During an argument a couple years ago, the woman I was arguing with told me that I was not making her happy, she probably had a point because I was an ice cube back then. My response got me the most puzzled look I’d ever seen, followed by the dirtiest look I’ve ever seen. “It’s not my job to make you happy. Can’t nobody do that but you.” Luckily, she was a pacifist, so, I live to tell this story.
I’ll be honest, that wasn’t something I thought about; I blurt things out all the time without realizing why I said them, sometimes not even realize I said them in the first place. This was one of those things. In all honesty, the only thing, at the time, that made sense about the argument itself, was that the argument really didn’t make sense and it made me frustrated. Luckily that one statement ended that because neither of us knew what to say after that, and I didn’t really know if I should apologize. But those words stayed in mind for hours until it hit me that I had stumbled onto something.
I’d often heard the words, happiness begins with you – I’d also listened to countless couples who swear that their significant other makes then so happy. And, as often happens, if you were able to follow up with them during divorce or breakup or the violence that followed. They either didn’t know what they were talking about or they were willingly fooling themselves.
I also hear about how happy people are with this n that, until they get tired of it and it goes in the garage or some place else, never to be seen again… unless it makes a good story.
But the reality is – No one can make you happy in any situation. There are moments of so-called bliss. These are moments when you decide that you are happy with whatever it is the person is telling you or doing, or with the things you have, places you are. You decide. Since those words left my lips, however, I’ve come to realize that even in the worst moments of our lives we can choose moments of happiness for ourselves.
One of the ways I have come to realize this is – I am boring – to most people, that’s how it would appear. I don’t go wild for parties, in fact they bore me to tears because I typically don’t know what to do at parties; going out tends to be ok until I see people looking at me funny if I’m out an about by myself and not partnered up like everyone else; World traveling may be fun some day, but right now I’d rather focus on getting out of the late bloomer stage on focus on being a good entrepreneur and build something meaningful – but no matter how many structures there are it is still just land to me; and peopling – well, we all have our likes and dislikes; people make me nervous because I don’t really know how to socialize. I can talk. I like people. But, a full blown conversation with me will have lots and lots of holes and misunderstanding (unless we’re talking about space, Bible, or something I can take apart).
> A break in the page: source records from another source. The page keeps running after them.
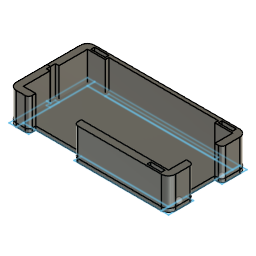
receiver body (Autodesk Fusion 360 design; units mm, degrees)
part number: 2026-04-17-22-42-46-108
Autodesk Fusion 360 part; units mm, degrees
note: some values were not read from the file. Set by a fixed rule: which sketch regions a step uses.
sketch "Sketch1" plane through (0, 0, 0) normal (0, 0, 1) x (1, 0, 0)
  line L0 (-56.8435, 31.9846) -> (24.6565, 31.9846)
  line L1 (24.6565, 31.9846) -> (24.6565, -4.0154)
  line L2 (24.6565, -4.0154) -> (-56.8435, -4.0154)
  line L3 (-56.8435, -4.0154) -> (-56.8435, 31.9846)
  line L4 (-56.8435, -4.0154) -> (-49.8435, -4.0154)
  line L5 (-49.8435, -4.0154) -> (-49.8435, -8.0154)
  line L6 (-49.8435, -8.0154) -> (-56.8435, -8.0154)
  line L7 (-56.8435, -8.0154) -> (-56.8435, -4.0154)
  line L8 (24.6565, -4.0154) -> (-24.3435, -4.0154)
  line L9 (-24.3435, -4.0154) -> (-24.3435, -8.0154)
  line L10 (-24.3435, -8.0154) -> (24.6565, -8.0154)
  line L11 (24.6565, -8.0154) -> (24.6565, -4.0154)
  line L12 (-56.8435, 31.9846) -> (24.6565, 31.9846)
  line L13 (24.6565, 31.9846) -> (24.6565, 35.9846)
  line L14 (24.6565, 35.9846) -> (-56.8435, 35.9846)
  line L15 (-56.8435, 35.9846) -> (-56.8435, 31.9846)
  line L16 (-46.8435, 34) -> (14.6565, 34)
  line L17 (14.6565, 34) -> (14.6565, 31.9846)
  line L18 (14.6565, 31.9846) -> (-46.8435, 31.9846)
  line L19 (-46.8435, 31.9846) -> (-46.8435, 34)
  line L20 (-56.8435, 35.9846) -> (-60.8435, 35.9846)
  line L21 (-60.8435, 35.9846) -> (-60.8435, -8.0154)
  line L22 (-60.8435, -8.0154) -> (-56.8435, -8.0154)
  line L23 (-56.8435, -8.0154) -> (-56.8435, 35.9846)
  line L24 (-56.8435, 15.9846) -> (-58.8435, 15.9846)
  line L25 (-58.8435, 15.9846) -> (-58.8435, 10.9846)
  line L26 (-58.8435, 10.9846) -> (-56.8435, 10.9846)
  line L27 (-56.8435, 10.9846) -> (-56.8435, 15.9846)
  line L28 (-60.8435, 13.2091) -> (-58.8435, 13.2091)
  line L29 (-58.8435, 13.2091) -> (-58.8435, 13.1879)
  line L30 (-58.8435, 13.1879) -> (-60.8435, 13.1879)
  line L31 (-60.8435, 13.1879) -> (-60.8435, 13.2091)
  line L32 (24.6565, 25.9846) -> (24.6565, 35.9846)
  line L33 (24.6565, 1.9846) -> (24.6565, -8.0154)
  line L34 (24.6565, -8.0154) -> (28.6565, -8.0154)
  line L35 (28.6565, -8.0154) -> (28.6565, 5.9846)
  line L36 (28.6565, 5.9846) -> (24.6565, 5.9846)
  line L37 (24.6565, 5.9846) -> (24.6565, -8.0154)
  line L38 (24.6565, 35.9846) -> (28.6565, 35.9846)
  line L39 (28.6565, 35.9846) -> (28.6565, 21.9846)
  line L40 (28.6565, 21.9846) -> (24.6565, 21.9846)
  line L41 (24.6565, 21.9846) -> (24.6565, 35.9846)
  dimension "d1" = 81.5
  dimension "d2" = 36
  dimension "d3" = 7
  dimension "d4" = 4
  dimension "d5" = 49
  dimension "d6" = 4
  dimension "d7" = 4
  dimension "d8" = 10
  dimension "d9" = 10
  dimension "d10" = 4
  dimension "d11" = 44
  dimension "d12" = 2
  dimension "d13" = 5
  dimension "d15" = 19
  dimension "d16" = 2
  dimension "d18" = 10
  dimension "d20" = 10
  dimension "d23" = 4
  dimension "d24" = 14
  dimension "d25" = 4
  dimension "d26" = 14
  constraint horizontal L0
  constraint vertical L1
  constraint horizontal L2
  constraint vertical L3
  constraint horizontal L4
  constraint vertical L5
  constraint horizontal L6
  constraint vertical L7
  constraint horizontal L8
  constraint vertical L9
  constraint horizontal L10
  constraint vertical L11
  constraint horizontal L12
  constraint vertical L13
  constraint horizontal L14
  constraint vertical L15
  constraint horizontal L16
  constraint vertical L17
  constraint horizontal L18
  constraint vertical L19
  constraint coincident L12 L17.end
  constraint horizontal L20
  constraint vertical L21
  constraint horizontal L22
  constraint vertical L23
  constraint horizontal L24
  constraint vertical L25
  constraint horizontal L26
  constraint vertical L27
  constraint horizontal L28
  constraint vertical L29
  constraint horizontal L30
  constraint vertical L31
  constraint coincident L25 L29.end
  constraint coincident L21 L28.start
  constraint vertical L32
  constraint vertical L33
  constraint horizontal L34
  constraint vertical L35
  constraint horizontal L36
  constraint vertical L37
  constraint horizontal L38
  constraint vertical L39
  constraint horizontal L40
  constraint vertical L41
  measures "d1" distance of L0.start L0.end
  measures "d2" distance of L0.start L2.end
  measures "d3" distance of L2.end L4.end
  measures "d4" distance of L2.end L6.end
  measures "d5" distance of L1.end L8.end
  measures "d6" distance of L1.end L10.end
  measures "d7" distance of L0.start L14.end
  measures "d8" distance of L15 L19
  measures "d9" distance of L13 L17
  measures "d10" distance of L14.end L20.end
  measures "d11" distance of L14.end L6.end
  measures "d12" distance of L24.start L24.end
  measures "d13" distance of L24.start L26.end
  measures "d15" distance of L22 L26
  measures "d16" distance of L21 L25
  measures "d18" distance of L13.end L32.start
  measures "d20" distance of L10.end L33.start
  measures "d23" distance of L10.end L34.end
  measures "d24" distance of L10.end L36.end
  measures "d25" distance of L13.end L38.end
  measures "d26" distance of L13.end L40.end
extrude "Extrude1" add sketch "Sketch1" along normal blind 2 makes body 1
extrude "Extrude2" add sketch "Sketch1" along normal blind 17.8 separate body contours L0 L12 L13 L14 L15 L16 L17 L19 L23 L32 L41 | L3 L15 L20 L21 L23 L24 L25 L28 | L3 L7 L21 L22 L23 L25 L26 L30 | L1 L13 L32 L38 L39 L40 L41 | L2 L4 L5 L6 L7 L23 | L2 L8 L9 L10 L11 L33 L37 | L1 L11 L33 L34 L35 L36 L37 makes body 2 at (-1.1768, 35.9846, 5.9333) makes body 3 at (10.9898, -8.0154, 11.8667) makes body 4 at (-60.8435, 6.1202, 5.9333)
fillet "Fillet1" radius 4 4 edges at (28.6565, 35.9846, 8.9) (-60.8435, 35.9846, 8.9) (28.6565, -8.0154, 8.9) (-60.8435, -8.0154, 8.9) on bodies 2 3 4
fillet "Fillet2" radius 4 4 edges at (28.6565, -8.0154, 1) (28.6565, 35.9846, 1) (-60.8435, -8.0154, 1) (-60.8435, 35.9846, 1) on bodies 1
fillet "Fillet3" radius 2 4 edges at (28.6565, 21.9846, 8.9) (-24.3435, -8.0154, 8.9) (28.6565, 5.9846, 8.9) (-49.8435, -8.0154, 8.9) on bodies 2 3 4
fillet "Fillet4" radius 2 2 edges at (-24.3435, -8.0154, 1) (-49.8435, -8.0154, 1) on bodies 1
fillet "Fillet5" radius 2 2 edges at (28.6565, 21.9846, 1) (28.6565, 5.9846, 1) on bodies 1
sketch "Sketch2" plane through (0, 0, 17.8) normal (0, 0, 1) x (-1, 0, 0)
  arc A0 (-26.6565, -21.9846) -> (-28.6565, -23.9846) centre (-26.6565, -23.9846) ccw
  line L0 (-28.6565, -23.9846) -> (-28.6565, -31.9846)
  arc A1 (-28.6565, -31.9846) -> (-24.6565, -35.9846) centre (-24.6565, -31.9846) ccw
  line L1 (-24.6565, -35.9846) -> (56.8435, -35.9846)
  arc A2 (56.8435, -35.9846) -> (60.8435, -31.9846) centre (56.8435, -31.9846) ccw
  line L2 (60.8435, -31.9846) -> (60.8435, -13.2091)
  line L3 (60.8435, -13.2091) -> (58.8435, -13.2091)
  line L4 (58.8435, -13.2091) -> (58.8435, -15.9846)
  line L5 (58.8435, -15.9846) -> (56.8435, -15.9846)
  line L6 (56.8435, -15.9846) -> (56.8435, -31.9846)
  line L7 (56.8435, -31.9846) -> (46.8435, -31.9846)
  line L8 (46.8435, -31.9846) -> (46.8435, -34)
  line L9 (46.8435, -34) -> (-14.6565, -34)
  line L10 (-14.6565, -34) -> (-14.6565, -31.9846)
  line L11 (-14.6565, -31.9846) -> (-24.6565, -31.9846)
  line L12 (-24.6565, -31.9846) -> (-24.6565, -21.9846)
  line L13 (-24.6565, -21.9846) -> (-26.6565, -21.9846)
  line L14 (-23.6565, -32.9846) -> (-15.6565, -32.9846)
  line L15 (-15.6565, -32.9846) -> (-15.6565, -34.9846)
  line L16 (-15.6565, -34.9846) -> (-23.6565, -34.9846)
  line L17 (-23.6565, -34.9846) -> (-23.6565, -32.9846)
  line L18 (56.8435, -31.9846) -> (-24.6565, -31.9846)
  line L19 (-28.6565, -35.9846) -> (-28.6565, -21.9846)
  line L20 (-23.6565, 7.0154) -> (-15.6565, 7.0154)
  line L21 (-15.6565, 7.0154) -> (-15.6565, 5.0154)
  line L22 (-15.6565, 5.0154) -> (-23.6565, 5.0154)
  line L23 (-23.6565, 5.0154) -> (-23.6565, 7.0154)
  line L24 (47.8435, -32.9846) -> (55.8435, -32.9846)
  line L25 (55.8435, -32.9846) -> (55.8435, -34.9846)
  line L26 (55.8435, -34.9846) -> (47.8435, -34.9846)
  line L27 (47.8435, -34.9846) -> (47.8435, -32.9846)
  line L28 (-28.6565, 8.0154) -> (-28.6565, -5.9846)
  line L29 (24.3435, 8.0154) -> (-24.6565, 8.0154)
  line L30 (60.8435, -35.9846) -> (60.8435, 8.0154)
  line L31 (-24.6565, -35.9846) -> (56.8435, -35.9846)
  line L32 (56.8435, -31.9846) -> (-24.6565, -31.9846)
  dimension "d39" = 8
  dimension "d40" = 2
  dimension "d41" = 1
  dimension "d42" = 5
  dimension "d43" = 8
  dimension "d44" = 2
  dimension "d45" = 8
  dimension "d46" = 2
  dimension "d47" = 5
  dimension "d48" = 1
  dimension "d49" = 5
  dimension "d51" = 1
  constraint horizontal L14
  constraint vertical L15
  constraint horizontal L16
  constraint vertical L17
  constraint horizontal L20
  constraint vertical L21
  constraint horizontal L22
  constraint vertical L23
  constraint horizontal L24
  constraint vertical L25
  constraint horizontal L26
  constraint vertical L27
  measures "d39" distance of L14.start L14.end
  measures "d40" distance of L14.start L16.end
  measures "d41" distance of L14 L18
  measures "d42" distance of L17 L19
  measures "d43" distance of L20.start L20.end
  measures "d44" distance of L20.start L22.end
  measures "d45" distance of L24.start L24.end
  measures "d46" distance of L24.start L26.end
  measures "d47" distance of L23 L28
  measures "d48" distance of L20 L29
  measures "d49" distance of L25 L30
  measures "d51" distance of L24 L32
extrude "Extrude4" cut sketch "Sketch2" against normal blind 8 contours L14 L15 L16 L17 | L20 L21 L22 L23 | L24 L25 L26 L27 bodies 2 3
extrude "Extrude3" [suppressed]
delete_face "DeleteFace1" [suppressed]
delete_face "DeleteFace2" [suppressed]
delete_face "DeleteFace3" [suppressed]
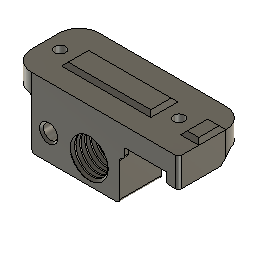
umbilical_mount (Autodesk Fusion 360 design; units mm, degrees)
Autodesk Fusion 360 part; units mm, degrees
sketch "Sketch1" plane through (0, 0, 0) normal (0, 1, 0) x (1, 0, 0)
  line L0 (0, 0) -> (26, 0)
  line L1 (26, 0) -> (26, -15)
  line L2 (26, -15) -> (0, -15)
  line L3 (0, -15) -> (0, 0)
  circle A0 centre (17, -7.5) radius 5.5
  line L4 (26, -7.5) -> (0, -7.5) construction
  circle A1 centre (5, -7.5) radius 2.1
  line L5 (24.99, -15) -> (24.99, -13.99)
  line L6 (24.99, -13.99) -> (26, -12.98)
  line L7 (0, -15) -> (-6, -15)
  line L8 (-6, -15) -> (-6, -20.6)
  line L9 (-6, -20.6) -> (43.39, -20.6)
  line L10 (43.39, -20.6) -> (43.39, -15)
  line L11 (43.39, -15) -> (26, -15)
  line L12 (43.39, -15) -> (43.39, -12)
  line L13 (42.19, -15) -> (42.19, -13.99)
  line L14 (42.19, -13.99) -> (41.18, -12.98)
  line L15 (41.18, -12.98) -> (41.18, -12)
  line L16 (41.18, -12) -> (43.39, -12)
  line L17 (41.18, -12.98) -> (41.18, -15)
  dimension "d1" = 11
  dimension "d2" = 15
  dimension "d3" = 4.2
  dimension "d4" = 12
  dimension "d5" = 5
  dimension "d6" = 26
  dimension "d33" = 1.01
  dimension "d34" = 1.01
  dimension "d35" = 135
  dimension "d36" = 6
  dimension "d37" = 5.6
  dimension "d38" = 1.2
  dimension "d39" = 135
  dimension "d40" = 1.01
  dimension "d41" = 1.01
  dimension "d42" = 3
  dimension "d43" = 17.2
  constraint horizontal L0
  constraint vertical L1
  constraint horizontal L2
  constraint vertical L3
  constraint coincident L0.start L3.end
  constraint midpoint L1 L4.start
  constraint midpoint L3 L4.end
  constraint coincident A0.centre L4
  constraint coincident L4 A1.centre
  constraint coincident L2 L5.start
  constraint perpendicular L2 L5
  constraint coincident L1 L6.end
  constraint perpendicular L3 L7
  constraint perpendicular L7 L8
  constraint perpendicular L8 L9
  constraint perpendicular L9 L10
  constraint perpendicular L10 L11
  constraint perpendicular L11 L12
  constraint coincident L11 L13.start
  constraint perpendicular L11 L13
  constraint perpendicular L11 L15
  constraint perpendicular L15 L16
  constraint coincident L11 L17.end
  constraint perpendicular L11 L17
  measures "d1" diameter of A0
  measures "d2" distance of L0.end L1.end
  measures "d3" diameter of A1
  measures "d4" distance of A0.centre A1.centre
  measures "d5" distance of L3 A1.centre
  measures "d6" distance of L0.start L0.end
  measures "d33" distance of L1 L5
  measures "d34" distance of L5.start L5.end
  measures "d35" angle of L5 L6
  measures "d36" distance of L2.end L7.end
  measures "d37" distance of L7.end L8.end
  measures "d38" distance of L12 L13
  measures "d39" angle of L13 L14
  measures "d40" distance of L13.start L13.end
  measures "d41" distance of L13 L15
  measures "d42" distance of L10.end L12.end
  measures "d43" distance of L5 L13
extrude "Extrude1" add sketch "Sketch1" along normal blind 12.5 contours L0 L1 L2 L3 L5 L6 | L2 L7 L8 L9 L10 L11 | L11 L12 L13 L14 L15 L16
thread "Thread1" "ISO Metric profile 12.0 M12x1.5 M12x1.5 6H" major diameter 12.203 minor diameter 10.526 pitch 1.5 angle 60 modelled right hand crest width 0.4065 on face at (22.4727, 4.1667, 8.0476) crest through (22.263, 0.375, 7.5)
sketch "Sketch4" plane through (0, 12.5, 0) normal (0, 1, 0) x (-1, 0, 0)
  line L0 (-42.19, 15) -> (-24.99, 15)
  line L1 (-24.99, 15) -> (-24.99, 13.99)
  line L2 (-24.99, 13.99) -> (-26, 12.98)
  line L3 (-26, 12.98) -> (-26, 0)
  line L4 (-26, 0) -> (0, 0)
  line L5 (0, 0) -> (0, 15)
  line L6 (0, 15) -> (6, 15)
  line L7 (6, 15) -> (6, 20.6)
  line L8 (6, 20.6) -> (-43.39, 20.6)
  line L9 (-43.39, 20.6) -> (-43.39, 12)
  line L10 (-43.39, 12) -> (-41.18, 12)
  line L11 (-41.18, 12) -> (-41.18, 12.98)
  line L12 (-41.18, 12.98) -> (-42.19, 13.99)
  line L13 (-42.19, 13.99) -> (-42.19, 15)
  circle A0 centre (-5, 7.5) radius 2.1
  spline S0 degree 3 poles (-21.9829, 9.1941) (-21.8118, 9.866) (-21.5093, 10.4974) (-20.6699, 11.628) (-20.1348, 12.1115) (-18.8933, 12.8604) (-18.1948, 13.1118) (-16.7206, 13.3398) (-15.9579, 13.3063) (-14.7587, 13.018) (-14.3103, 12.8507) (-13.4559, 12.4096) (-13.0537, 12.1358) (-12.6884, 11.8172) knots 0 0 0 0 0.208013 0.208013 0.422162 0.422162 0.642443 0.642443 0.868854 0.868854 1.011546 1.011546 1.156581 1.156581 1.156581 1.156581
  arc A1 (-11.1054, 9.0754) -> (-12.6884, 11.8172) centre (-17, 7.5) ccw
  spline S1 degree 3 poles (-11.1054, 9.0754) (-10.9549, 8.3074) (-10.954, 7.5177) (-11.2546, 6.0034) (-11.5455, 5.292) (-12.3755, 4.0401) (-12.8999, 3.5074) (-14.1084, 2.6879) (-14.7764, 2.4025) (-15.9041, 2.1664) (-16.3368, 2.1285) (-17.1939, 2.1576) (-17.6153, 2.2226) (-18.0243, 2.3376) knots 0 0 0 0 0.234781 0.234781 0.463418 0.463418 0.685909 0.685909 0.90225 0.90225 1.03239 1.03239 1.160187 1.160187 1.160187 1.160187
  arc A2 (-21.9829, 9.1941) -> (-18.0243, 2.3376) centre (-17, 7.5) ccw
  line L14 (6, 15) -> (-43.39, 15)
  constraint coincident L6.end L7.start
  constraint coincident L9 L14.end
  constraint perpendicular L9 L14
extrude "Extrude5" add sketch "Sketch4" along normal blind 7.5 contours L0 L6 L7 L8 L9 L14
sketch "Sketch5" plane through (0, 0, 15) normal (0, 0, -1) x (1, 0, 0)
  line L0 (42.19, 0) -> (24.99, 0)
  line L1 (24.99, 0) -> (24.99, -12.5)
  line L2 (24.99, -12.5) -> (0, -12.5)
  line L3 (0, -12.5) -> (0, 0)
  line L4 (0, 0) -> (-6, 0)
  line L5 (-6, 0) -> (-6, -20)
  line L6 (-6, -20) -> (43.39, -20)
  line L7 (43.39, -20) -> (43.39, -12.5)
  line L8 (43.39, -12.5) -> (42.19, -12.5)
  line L9 (42.19, -12.5) -> (42.19, 0)
  line L10 (-6, -10) -> (43.39, -10) construction
  line L11 (43.39, 0) -> (43.39, -12.5) construction
  line L12 (33.59, 0) -> (33.59, -20) construction
  circle A0 centre (33.59, -10) radius 1.6
  circle A1 centre (-1.6, -10) radius 1.6
  circle A2 centre (-1.6, -10) radius 3
  circle A3 centre (33.59, -10) radius 3
  line L13 (39.69, 0) -> (39.69, -1)
  line L14 (27.49, -1) -> (27.49, 0)
  line L15 (39.69, -1) -> (42.19, -1)
  line L16 (27.49, -1) -> (24.99, -1)
  dimension "d46" = 3.2
  dimension "d48" = 6
  dimension "d58" = 12.2
  dimension "d60" = 1
  constraint midpoint L5 L10.start
  constraint perpendicular L5 L10
  constraint coincident L11 L10.end
  constraint midpoint L0 L12.start
  constraint coincident L6 L12.end
  constraint perpendicular L6 L12
  constraint midpoint L12 A0.centre
  constraint equal A0 A1
  constraint tangent L3 A1
  constraint coincident L10 A1.centre
  constraint concentric A1 A2
  constraint concentric A0 A3
  constraint equal A2 A3
  constraint coincident L0 L13.start
  constraint perpendicular L0 L13
  constraint coincident L0 L14.end
  constraint perpendicular L0 L14
  constraint symmetric L12 L13 L14
  constraint equal L13 L14
  constraint coincident L9 L15.end
  constraint perpendicular L9 L15
  constraint coincident L1 L16.end
  constraint perpendicular L1 L16
  measures "d46" diameter of A0
  measures "d48" diameter of A3
  measures "d58" distance of L13.end L14.start
  measures "d60" distance of L14.start L14.end
extrude "Extrude6" cut sketch "Sketch5" against normal up to surface (5.6 mm away) contours A1 | A0
extrude "Extrude7" cut sketch "Sketch5" along normal up to surface (15 mm away) and the other way blind 3 contours L2 L3 A2 | L2 L3 A2 | A3
extrude "Extrude9" add sketch "Sketch5" along normal up to surface (3 mm away) contours L0 L9 L13 L15 | L0 L1 L14 L16
fillet "Fillet2" radius 6 3 edges at (-6, 0, 17.8) (-6, 20, 17.8) (43.39, 20, 17.8)
fillet "Fillet2" radius 1 1 edges at (43.39, 0, 16.3)
fillet "Fillet2" radius 1 1 edges at (0.0583, 12.5, 7.5)
fillet "Fillet2" radius 1 2 edges at (0, 3.7311, 15) (12.5242, 12.5, 15)
fillet "Fillet2" radius 1 3 edges at (26, 0.5, 12) (27.49, 0.5, 12) (39.69, 0.5, 12)
fillet "Fillet2" radius 0.5 2 edges at (26, 1, 12.49) (41.18, 1, 12.49)
fillet "Fillet2" radius 1 2 edges at (26, 6.25, 0) (0, 3.7311, 0)
sketch "Sketch6" plane through (0, 0, 20.6) normal (0, 0, 1) x (-1, 0, 0)
  arc A0 (-42.39, 0) -> (-43.39, -1) centre (-42.39, -1) ccw
  line L0 (-43.39, -1) -> (-43.39, -14)
  arc A1 (-43.39, -14) -> (-37.39, -20) centre (-37.39, -14) ccw
  line L1 (-37.39, -20) -> (0, -20)
  arc A2 (0, -20) -> (6, -14) centre (0, -14) ccw
  line L2 (6, -14) -> (6, -6)
  arc A3 (6, -6) -> (0, 0) centre (0, -6) ccw
  line L3 (0, 0) -> (-42.39, 0)
  circle A4 centre (1.6, -10) radius 1.6
  circle A5 centre (-33.59, -10) radius 1.6
  line L4 (6, -10) -> (-43.39, -10) construction
  line L5 (6, -6) -> (-43.39, -6)
  line L6 (-43.39, -14) -> (6, -14)
  line L7 (-2.8, -6) -> (-2.8, -14)
  line L8 (-29.19, -6) -> (-29.19, -14)
  line L9 (-37.99, -6) -> (-37.99, -14)
  dimension "d79" = 8
  dimension "d80" = 4.4
  dimension "d81" = 4.4
  dimension "d82" = 4.4
  constraint midpoint L2 L4.start
  constraint coincident L0 L4.end
  constraint perpendicular L0 L4
  constraint coincident L2 A3.start
  constraint coincident L0 L5.end
  constraint perpendicular L0 L5
  constraint coincident L0 A1.start
  constraint coincident L2 A2.end
  constraint perpendicular L2 L6
  constraint symmetric L4 L5 L6
  constraint coincident L5 L7.start
  constraint coincident L6 L7.end
  constraint perpendicular L6 L7
  constraint coincident L5 L8.start
  constraint perpendicular L5 L8
  constraint coincident L5 L9.start
  constraint coincident L6 L9.end
  constraint perpendicular L6 L9
  measures "d79" distance of L5 L6
  measures "d80" distance of A4.centre L7
  measures "d81" distance of A5.centre L8
  measures "d82" distance of A5.centre L9
extrude "Extrude10" add sketch "Sketch6" along normal blind 1 contours L0 L5 L6 L9 | L5 L6 L7 L8
chamfer "Chamfer2" distance 0.6 angle 45 2 edges at (3.0421, 0, 6.7406) (3.0421, 12.5, 6.7406)
chamfer "Chamfer2" distance 3 angle 45 1 edges at (42.79, 12.5, 15)
chamfer "Chamfer2" distance 1 angle 45 2 faces at (20.3933, 8.6667, 21.6) (39.79, 11.3333, 21.6)
equation "d34 = d33"
equation "d39 = d35"
equation "d40 = d33"
equation "d41 = d40"
equation "d44 = 20 mm - 12.5 mm"
equation "d81 = d80"
equation "d82 = d81"

Boring! But I’m happy with my boring. When I’m home alone there’s no one to look at me funny because I look out of place. I can also sit with a book, read my Bible, write something, work on something or design something. When I decide to go out, I decide what I want to do based on how I feel, which leads to less disappointment because no one fed me grand stories about whatever. Even when my anxieties are driving me up the wall I find that I still have some semblance of happiness in how I have chosen to live.
The argument I was in really cemented one fairly important thing to me. We, as people, cannot make each other happy. We make ourselves happy, but we can share in the happiness of others by being involved in their lives – when invited, and only to the parts of their lives they invite us to. I believe we can see when we begin to intrude, although we sometimes want to know things about people, it is better to wait until they invite you further into their lives rather than ask, at the same time keeping your distance until they let you into other parts of their lives.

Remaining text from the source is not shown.